Set iteration limits. Always cap how many times the agent loop can run. Without limits, a confused agent can loop indefinitely and burn through API credits.
Log everything. In production, log every LLM call, every tool execution, and every result. When an agent produces incorrect output, these logs are essential for debugging.
Test with diverse inputs. Agents are non-deterministic. The same input can produce different tool call sequences. Test with many variations to find failure modes.
When to Build an Agent vs. a Pipeline
Not every task needs an agent. Use an agent when:
- The number of steps is unknown in advance.

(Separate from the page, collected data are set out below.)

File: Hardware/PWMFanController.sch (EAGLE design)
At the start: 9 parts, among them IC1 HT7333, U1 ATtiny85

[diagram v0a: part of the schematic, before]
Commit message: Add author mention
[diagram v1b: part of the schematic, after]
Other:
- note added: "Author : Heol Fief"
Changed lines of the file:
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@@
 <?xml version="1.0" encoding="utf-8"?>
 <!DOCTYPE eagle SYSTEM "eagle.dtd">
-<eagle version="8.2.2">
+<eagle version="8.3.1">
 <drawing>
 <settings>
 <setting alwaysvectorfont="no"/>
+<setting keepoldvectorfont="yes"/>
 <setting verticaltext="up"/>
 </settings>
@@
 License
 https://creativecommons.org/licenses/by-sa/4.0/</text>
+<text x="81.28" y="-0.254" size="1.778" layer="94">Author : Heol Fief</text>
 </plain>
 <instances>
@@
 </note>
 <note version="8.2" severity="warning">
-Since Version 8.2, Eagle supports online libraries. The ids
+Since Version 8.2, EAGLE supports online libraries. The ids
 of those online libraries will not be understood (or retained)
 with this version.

- The next step depends on the result of the previous step.
- The task requires judgment about which tools to use.
Use a fixed pipeline when:
- The steps are always the same.
- You need deterministic, reproducible behavior.
- Latency and cost matter more than flexibility.
A pipeline that calls an LLM three times in a fixed order will always be faster, cheaper, and more predictable than an agent that figures out those three steps on its own. Use agents for tasks that genuinely require adaptive reasoning.
Summary
AI agents combine LLMs with tools and a reasoning loop to tackle complex tasks autonomously. The core pattern is straightforward: observe, think, act, repeat. You can build agents from scratch using the OpenAI API or use frameworks like LangChain for faster development. The key to reliable agents is good tool design, clear prompts, error handling, and iteration limits. Start simple, test thoroughly, and add complexity only when the task demands it.